Namjoon percepiva un calore tremendamente piacevole al petto che si espandeva anche sul suo volto, facendogli arrossare le guance. Nell'aria sentiva un odore di rose fresche, così piacevole da assuefarlo, quasi fosse una droga dall'effetto soporifero. 

Il cameriere era ancora lì che lo fissava negli occhi, non capendo ancora nulla di quello che stava accadendo al suo corpo. Un'aroma di primavera aleggiava attorno a sé, mentre le sue mani incominciarono a muoversi da sole, arrivando alle guance di quel ragazzo dai capelli marroni come la terra. Non sapeva cosa stava facendo, quando la tavola prese a tremare leggermente, mentre un piccolo venticello circondò i corpi dei due ragazzi. Jin prese ad avvicinarsi sempre di più al volto del bruno che ormai aveva perso qualsiasi cognizione di chi fosse o cosa stesse facendo e con estrema lentezza pressò le sue labbra su quelle dell'altro.

Namjoon non sapeva cosa era quella forza, non sapeva cos'era quel calore, ma non poteva nulla per contrastarlo, era troppo attraente e così dannatamente piacevole. Strinse le mani dello sconosciuto, spingendosi un tantino contro di lui. 

Il vento prese a vorticare più velocemente, richiudendo i due in una bolla, mentre sul dorso della mano destra del cameriere comparve una cicatrice che prese a brillare incessantemente, come se avesse racchiuso in sé un raggio di sole. 

Amor.

I ragazzi che circondavano la tavola erano rimasti scioccati, non avevano la più pallida idea di cosa stesse succedendo e in più, tutto quello stava accadendo al chiuso, in una caffetteria dove chiunque avrebbe potuto vederli. Dovevano ringraziare Namjoon che aveva deciso per il posto più appartato di tutti e che alle quattro del pomeriggio non girava molta gente. 
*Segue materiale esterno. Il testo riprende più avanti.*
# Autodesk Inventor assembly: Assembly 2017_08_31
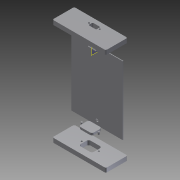
[picture p0: Inventor's stored thumbnail of the model, 180x180]
Saved by Autodesk Inventor 2012 (Build 160160000, 160)
## iProperties
Created: 2017-04-26
Part Number: Assembly 2017_08_31
Document SubType Name: Assembly
Designer: Brandon
Author: Brandon
## Documents named in this file (6)
- C:\Users\Brandon\Dropbox\Admiral Instruments Dropbox\power supply\power supply enclosure rev 2\Assembly 2017_08_31.iam
- C:\Users\Brandon\Dropbox\Admiral Instruments Dropbox\power supply\power supply enclosure rev 2\PCB.ipt
- C:\Users\Brandon\Dropbox\Admiral Instruments Dropbox\power supply\power supply enclosure rev 2\back cover.ipt
- C:\Users\Brandon\Dropbox\Admiral Instruments Dropbox\power supply\power supply enclosure rev 2\front cover.ipt
- C:\Users\Brandon\Dropbox\Admiral Instruments Dropbox\power supply\power supply enclosure rev 2\DB9 connector 2017_06_14.ipt
- C:\Users\Brandon\Dropbox\Admiral Instruments Dropbox\power supply\power supply enclosure rev 2\AC entry module.ipt
## Components (5 placed, 5 different names)
1. PCB:1 — Flush:5, Insert:10, Angle:9, Insert:11
2. back cover:1 — Mate:3, Mate:4, Flush:4, Flush:5
3. front cover:1 — Flush:3, Mate:2, Flush:4, Angle:10
4. DB9 connector 2017_06_14:1 — Insert:10, Angle:9
5. AC entry module:1 — Insert:11, Angle:10
## Relationships (10: Flush 3, Mate 3, Insert 2, Angle 2)
- Flush:3 (114.3 mm): front cover:1
- Mate:2: front cover:1
- Mate:3 (114.3 mm): back cover:1
- Mate:4: back cover:1
- Flush:4: back cover:1 ↔ front cover:1
- Flush:5 (7.2898 mm): PCB:1 ↔ back cover:1
- Insert:10: PCB:1 ↔ DB9 connector 2017_06_14:1
- Angle:9 (0 deg): PCB:1 ↔ DB9 connector 2017_06_14:1
- Insert:11: PCB:1 ↔ AC entry module:1
- Angle:10 (0 deg): front cover:1 ↔ AC entry module:1

I due ragazzi si staccarono e quando entrambi si resero conto di quello che avevano appena fatto, si allontanarono di scatto, guardandosi come se avessero appena baciato un mulo. 

"Chi diamine sei tu!?" Urlarono all'unisono entrambi, scambiandosi occhiate di sgomento miste a terrore. Era stato tremendamente spaventoso; sembrava quasi che qualcuno li avesse ipnotizzati e comandati a suo piacimento, quasi fossero delle marionette.

I ragazzi che erano seduti attorno al tavolo non sapevano cosa dire. Quello che era successo era stato surreale e non capivano ancora quello strano collegamento tra i vari elementi. Quando il cameriere era arrivato, solo Namjoon lo aveva percepito e solo lui era stato ipnotizzato da quella sorta di forza sovrannaturale. Gli altri tre erano stati spettatori, impotenti e indifferenti alla presenza di quel determinato elemento. Che cosa voleva dire? Che ogni elemento era legato ad un altro? Che in realtà erano un unica catena formata da anelli incrociati due a due? Oppure c'era qualcosa di più profondo sotto? Dei nodi che a loro erano invisibili ma che comunque li tenevano legati insiemi, come a formare una rete intricata e impossibile da sciogliere?

Jungkook, che fino a quel momento era rimasto attaccato al braccio di Taehyung, si scostò leggermente da quest'ultimo, schiarendosi la voce e osservó la cicatrice sul dorso della mano del cameriere. 

"Amor... amore" disse incantato ma con tono leggermente esitante. 

Taehyung guardava il ragazzo come se fosse stato un alieno e con un sopracciglio alzato si intromise nella conversazione. "Da quando l'amore è un elemento?" Chiese alquanto confuso.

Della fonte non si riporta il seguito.